Design/methodology/approach
Based on the Theory of Reasoned Action, the Technology Acceptance Model, and Sense-making theory, we propose two dimensions of problematic situations: urgency and severity of health issues being searched online. Data were collected through a questionnaire survey among 214 Wuhan University students and analyzed using hierarchical regression analysis.
Findings
Perceived usefulness, perceived ease of use, and subjective norm can influence user intention to seek health information online.

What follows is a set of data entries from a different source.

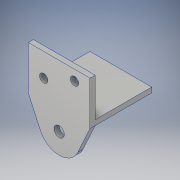
# Autodesk Inventor part: CLB_087_ClimberMountBracketGusset
Saved by Autodesk Inventor 2018 (Build 220112000, 112)
## iProperties
Created: 2020-02-22
Part Number: CLB_087_ClimberMountBracketGusset
Material: Aluminum 6061
Document SubType Name: Modeling
Designer: 22perngrac
Density: 2.7 g/cm^3
Appearance: Aluminum - Flat
Mass: 21.4358 g
Surface Area: 58.1692 cm^2
Volume: 7.93919 cm^3
Author: 22perngrac
Autodesk Inventor part; units mm, degrees
ref_plane "YZ Plane" through (0, 0, 0) normal (1, 0, 0) x (0, 1, 0)
ref_plane "XZ Plane" through (0, 0, 0) normal (0, 1, 0) x (-1, 0, 0)
ref_plane "XY Plane" through (0, 0, 0) normal (0, 0, 1) x (1, 0, 0)
sketch "Sketch1" plane through (0, 0, 0) normal (0, 0, 1) x (1, 0, 0)
  line L0 (0, 0) -> (38.1, 0)
  line L1 (38.1, 0) -> (38.1, -26.9875)
  line L2 (0, 0) -> (0, -26.9875)
  line L3 (0, -26.9875) -> (7.5012, -43.3836)
  line L4 (38.1, -26.9875) -> (30.5988, -43.3836)
  arc A0 (7.5012, -43.3836) -> (30.5988, -43.3836) centre (19.05, -38.1) ccw
  line L5 (38.1, -25.4) -> (0, -25.4) construction
  line L6 (38.1, -26.9875) -> (0, -26.9875) construction
  line L7 (38.1, -23.8125) -> (0, -23.8125) construction
  dimension "d1" = 38.1
  dimension "d2" = 12.7
  dimension "d36" = 38.1
  dimension "d37" = 25.4
  dimension "d38" = 1.5875
  dimension "d39" = 1.5875
  constraints: 16 end point, 7 point on line, 4 perpendicular, 2 equal length, 2 point on circle, 2 tangent, 1 centre point, 1 horizontal, 1 vertical
  measures "d1" distance of L0.start L0.end
  measures "d2" radius of A0
  measures "d36" distance from line of L0 A0.centre
  measures "d37" distance between parallel lines of L0 L5
  measures "d38" distance between parallel lines of L5 L6
  measures "d39" distance between parallel lines of L5 L7
extrude "Extrusion1" add sketch "Sketch1" along normal blind 3.175
sketch "Sketch2" plane through (0, 0, 0) normal (0, 0, -1) x (-1, 0, 0)
  line L0 (-38.1, 0) -> (-38.1, -26.9875) projected
  line L1 (0, -26.9875) -> (0, 0) projected
  line L2 (-38.1, -26.9875) -> (0, -26.9875)
  line L3 (0, -26.9875) -> (0, -23.8125)
  line L4 (0, -23.8125) -> (-38.1, -23.8125)
  line L5 (-38.1, -23.8125) -> (-38.1, -26.9875)
  arc A0 (-7.5012, -43.3836) -> (-30.5988, -43.3836) centre (-19.05, -38.1) ccw projected
  dimension "d13" = 3.175
  constraints: 8 end point, 2 parallel, 1 horizontal, 1 perpendicular, 1 point on line
  measures "d13" distance between parallel lines of L2 L4
extrude "Extrusion2" add sketch "Sketch2" along normal blind 34.925
sketch "Sketch3" plane through (0, 0, 3.175) normal (0, 0, 1) x (1, 0, 0)
  line L0 (7.5012, -43.3836) -> (0, -26.9875) projected
  arc A0 (30.5988, -43.3836) -> (7.5012, -43.3836) centre (19.05, -38.1) ccw projected
  line L1 (0, -26.9875) -> (0, 0) projected
  line L2 (0, 0) -> (38.1, 0) projected
  line L3 (38.1, 0) -> (38.1, -26.9875) projected
  line L4 (38.1, -23.8125) -> (0, -23.8125) projected
  line L5 (38.1, -23.8125) -> (0, -23.8125) projected
  point P0 (9.525, -14.2875)
  point P1 (28.575, -6.35)
  dimension "d18" = 9.525
  dimension "d20" = 6.35
  dimension "d21" = 9.525
  dimension "d40" = 9.525
  measures "d18" distance from line of L1 point (9.525, -14.288)
  measures "d20" distance from line of point (28.575, -6.35) L2
  measures "d21" distance from line of L3 point (28.575, -6.35)
  measures "d40" distance from line of L4 point (9.525, -14.288)
hole "Hole1" at (9.525, -14.2875, 3.175) at (28.575, -6.35, 3.175) direction (0, 0, -1) diameter 5.1054 end through all clearance for "Flat Head Machine Screw (82)" size "#10" standard "Ansi Unified Screw Threads"
sketch "Sketch4" plane through (0, 0, 3.175) normal (0, 0, 1) x (1, 0, 0)
  arc A0 (30.5988, -43.3836) -> (7.5012, -43.3836) centre (19.05, -38.1) ccw projected
  point P0 (0, 0)
  constraints: 1 coincident
hole "Hole2" at (19.05, -38.1, 3.175) direction (0, 0, -1) diameter 6.35 end through all
body "Solid1"

The urgency of problematic situations has a negative moderating effect on the relationship between perceived ease of use and user intention and the relationship between subjective norm and user intention. The severity of problematic situations has a negative moderating effect on the relationship between subjective norm and user intention.
Research limitations
The respondents of the survey are limited to students in one Chinese university, so whether this study’s results can be applied to another population or not remains to be verified. In addition, only two dimensions of problematic situations are considered in this study.
Practical implications
The paper puts forward the moderating effect of problematic situations and verifies it, which is the compensation for online health information-seeking behavior research. Besides, our analyses have implications for professional design of health care systems and related consumer information searches, and improve their performance.
Originality/value
Previous work has reported the effects of problematic situation on user intention to seek health information online, ignoring its influence on other factors. This empirical study extends that work to identify the influence of problematic situation when seeking intention-behavior data in two dimensions, urgency and severity.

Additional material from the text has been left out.